Two threads in the conversation were particularly significant for me. First was David's emphasis that CARSS projects are interdisciplinary and usually involve practitioners as well as academic scientists. We discussed the forms of knowledge that experienced practitioners bring to a discussion of a complex social problem -- in the genre of expert local knowledge -- and some of the intellectual challenges involved in trying to integrate theoretical and local knowledge into a solution. And we talked about the challenges associated with bringing widely separated forms of academic research into a single conversation -- engineers, lawyers, and sociologists attempting to understand the transportation systems of the future, for example.

A second important thread was the idea of engagement of the social sciences with social issues and problems. This was very much the case with the Chicago school of sociology in the 1920s through 1940s. But David makes the point early in the conversation that the social sciences made a turn in the 1960s towards greater disciplinary narrowness and a sharper separation between theory and practice. The social sciences became more narrowly confined to the academy and its disciplinary institutions.

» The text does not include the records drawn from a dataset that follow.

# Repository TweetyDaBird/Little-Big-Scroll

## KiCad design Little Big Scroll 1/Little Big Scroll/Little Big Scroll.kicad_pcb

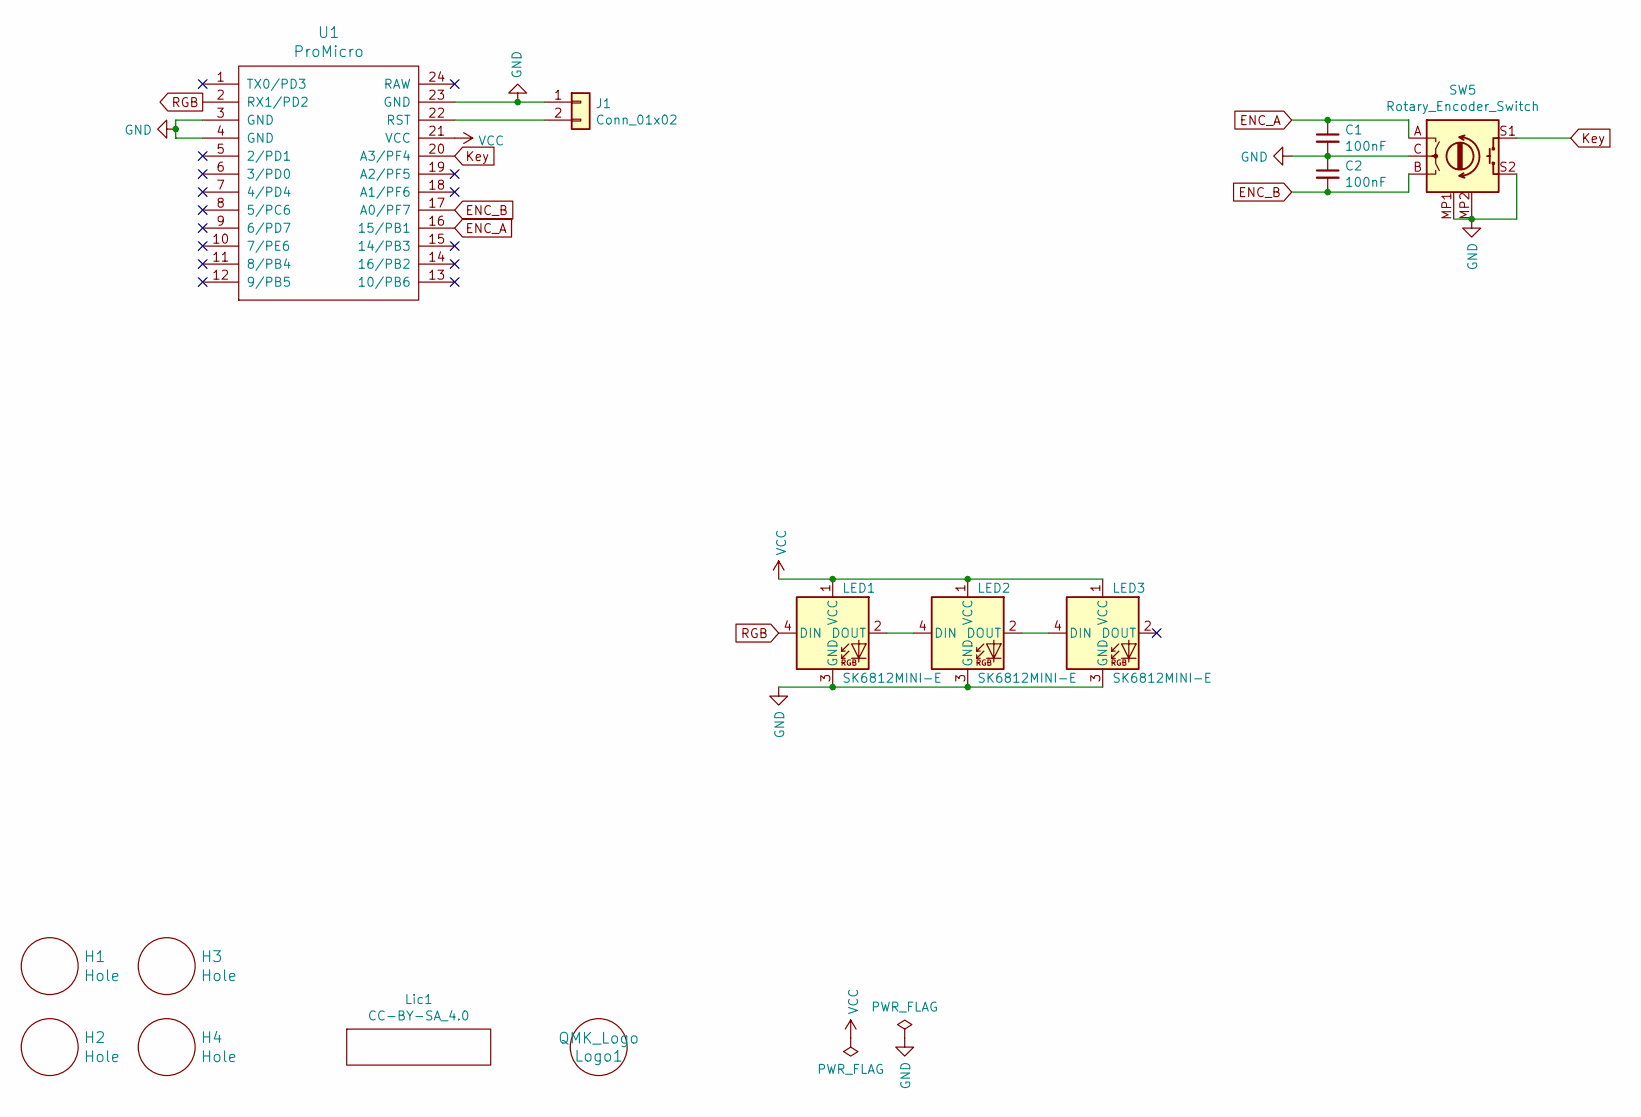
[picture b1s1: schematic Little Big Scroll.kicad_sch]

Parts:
C1, C2: 100nF; R_Axial_DIN0204_L3.6mm_D1.6mm_P5.08mm_Horizontal
H1, H2, H3, H4: Hole; MountingHole_3.7mm
J1: Conn_01x02; PinHeader_1x02_P2.54mm_Vertical
LED1, LED2, LED3: SK6812MINI-E; MX_SK6812MINI-E
Lic1: CC-BY-SA_4.0; CC_BY_SA_40
Logo1: QMK_Logo; Powered_by_QMK
SW5: Rotary_Encoder_Switch; RotaryEncoder_Alps_EC11E-Switch_Vertical_H20mm
U1: ProMicro; ArduinoProMicro-BackSide

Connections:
ENC_A: C1.1, SW5.A, U1.16 (15/PB1)
ENC_B: C2.2, SW5.B, U1.17 (A0/PF7)
GND: C1.2, C2.1, J1.1, LED1.3 (GND), LED2.3 (GND), LED3.3 (GND), SW5.C, SW5.MP1 (GND), SW5.MP2 (GND), SW5.S2, U1.3 (GND), U1.4 (GND), U1.23 (GND)
Key: SW5.S1, U1.20 (A3/PF4)
unnamed: J1.2, U1.22 (RST)
unnamed: LED1.2 (DOUT), LED2.4 (DIN)
unnamed: LED2.2 (DOUT), LED3.4 (DIN)
RGB: LED1.4 (DIN), U1.2 (RX1/PD2)
VCC: LED1.1 (VCC), LED2.1 (VCC), LED3.1 (VCC), U1.21 (VCC)

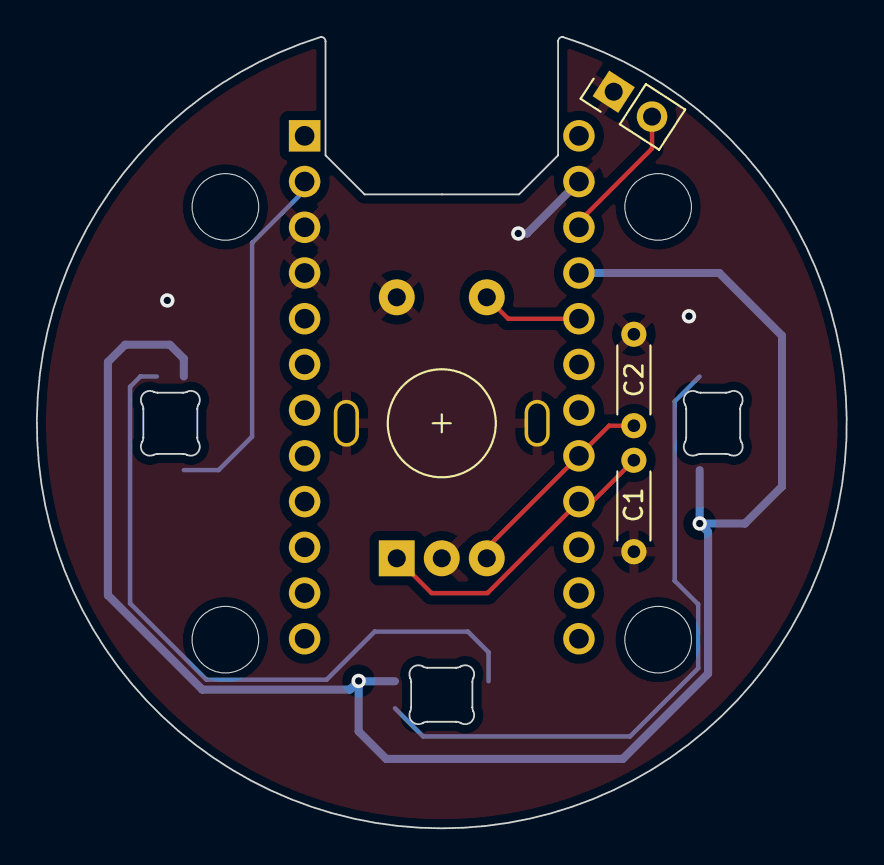
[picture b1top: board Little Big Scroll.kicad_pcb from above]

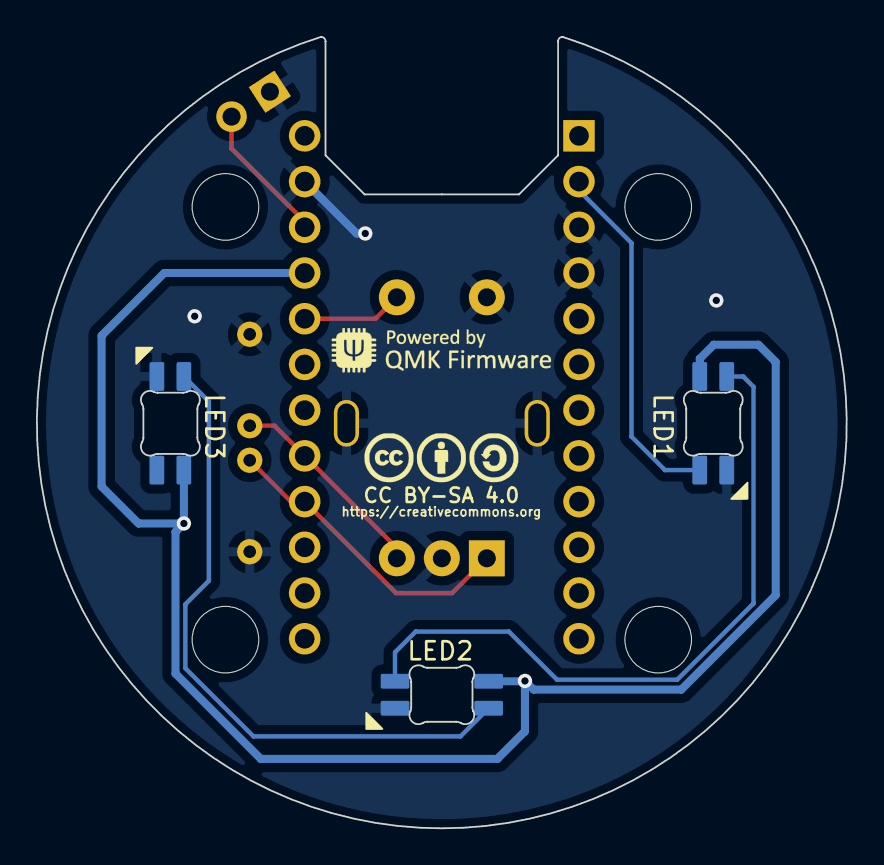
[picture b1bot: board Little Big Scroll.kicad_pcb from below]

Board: 2 copper layers, 45.0 x 44.0 mm, 14 parts (2 on the bottom side), 9 nets.

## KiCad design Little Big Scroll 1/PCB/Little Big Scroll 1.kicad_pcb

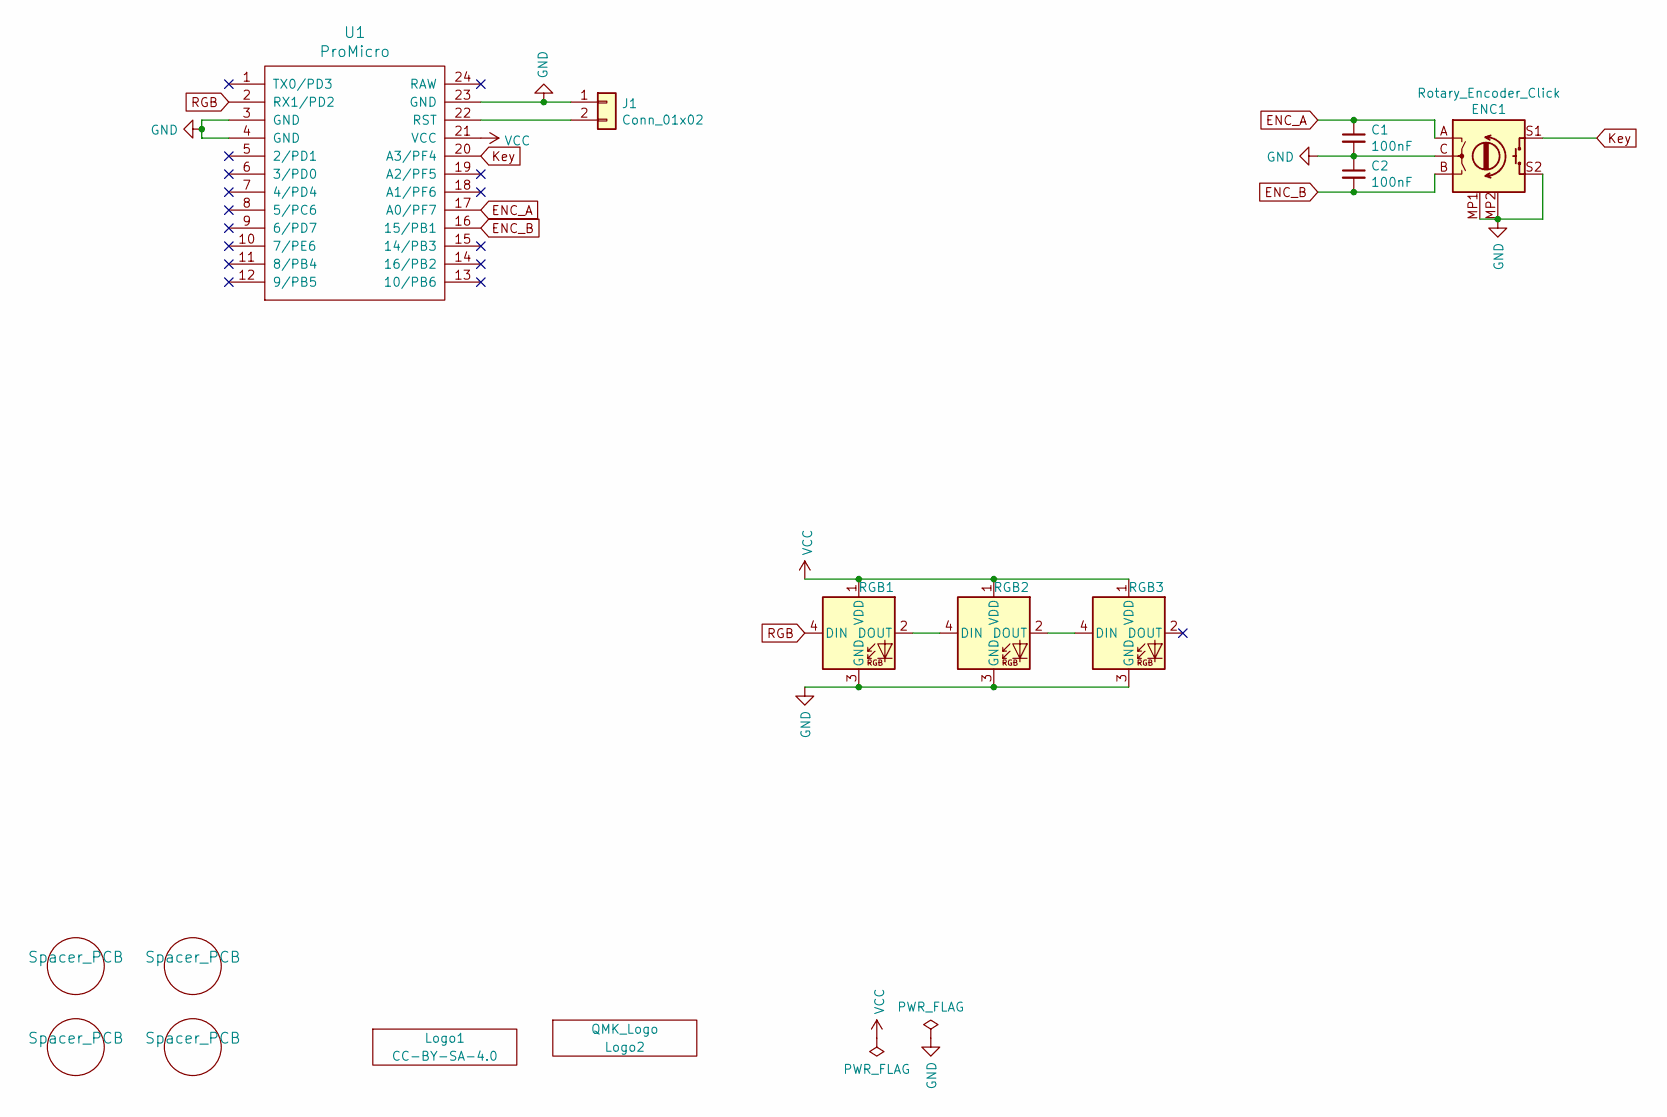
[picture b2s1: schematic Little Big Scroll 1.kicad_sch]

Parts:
C1, C2: 100nF; R_Axial_DIN0204_L3.6mm_D1.6mm_P5.08mm_Horizontal
ENC1: Rotary_Encoder_Click; Encoder_Alps_EC11E
H1, H2, H3, H4: Spacer_PCB; Spacer PCB hole
J1: Conn_01x02; SolderJumper-2_P1.3mm_Open_Pad1.0x1.5mm
Logo1: CC-BY-SA-4.0; CC_BY_SA_40
Logo2: QMK_Logo; Powered_by_QMK
RGB1, RGB2, RGB3: SK6812MINI-E; RGB_SK6812MINI-E
U1: ProMicro

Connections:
ENC_A: C1.1, ENC1.A, U1.17 (A0/PF7); also elsewhere on the board
ENC_B: C2.2, ENC1.B, U1.16 (15/PB1); also elsewhere on the board
GND: C1.2, C2.1, ENC1.C, ENC1.MP1 (GND), ENC1.MP2 (GND), ENC1.S2, J1.1, RGB1.3 (GND), RGB2.3 (GND), RGB3.3 (GND), U1.3 (GND), U1.4 (GND), U1.23 (GND); also elsewhere on the board
Key: ENC1.S1, U1.20 (A3/PF4); also elsewhere on the board
unnamed: J1.2, U1.22 (RST)
unnamed: RGB1.2 (DOUT), RGB2.4 (DIN)
unnamed: RGB2.2 (DOUT), RGB3.4 (DIN)
RGB: RGB1.4 (DIN), U1.2 (RX1/PD2)
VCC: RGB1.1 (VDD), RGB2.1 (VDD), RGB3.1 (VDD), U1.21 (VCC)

But David and I agreed that two things were true: that the sciences ought to be shaping their disciplines and research programs with an eye to helping to solve some of society's problems -- for the good of society; but more deeply, that perhaps the quality of the science itself would increase as a result of this engagement. These are important ideas that we need to talk about as we consider the directions the social sciences should take in the coming decades.

1 comment:

Anonymous said...

I enjoyed seeing the Featherman interview on youtube.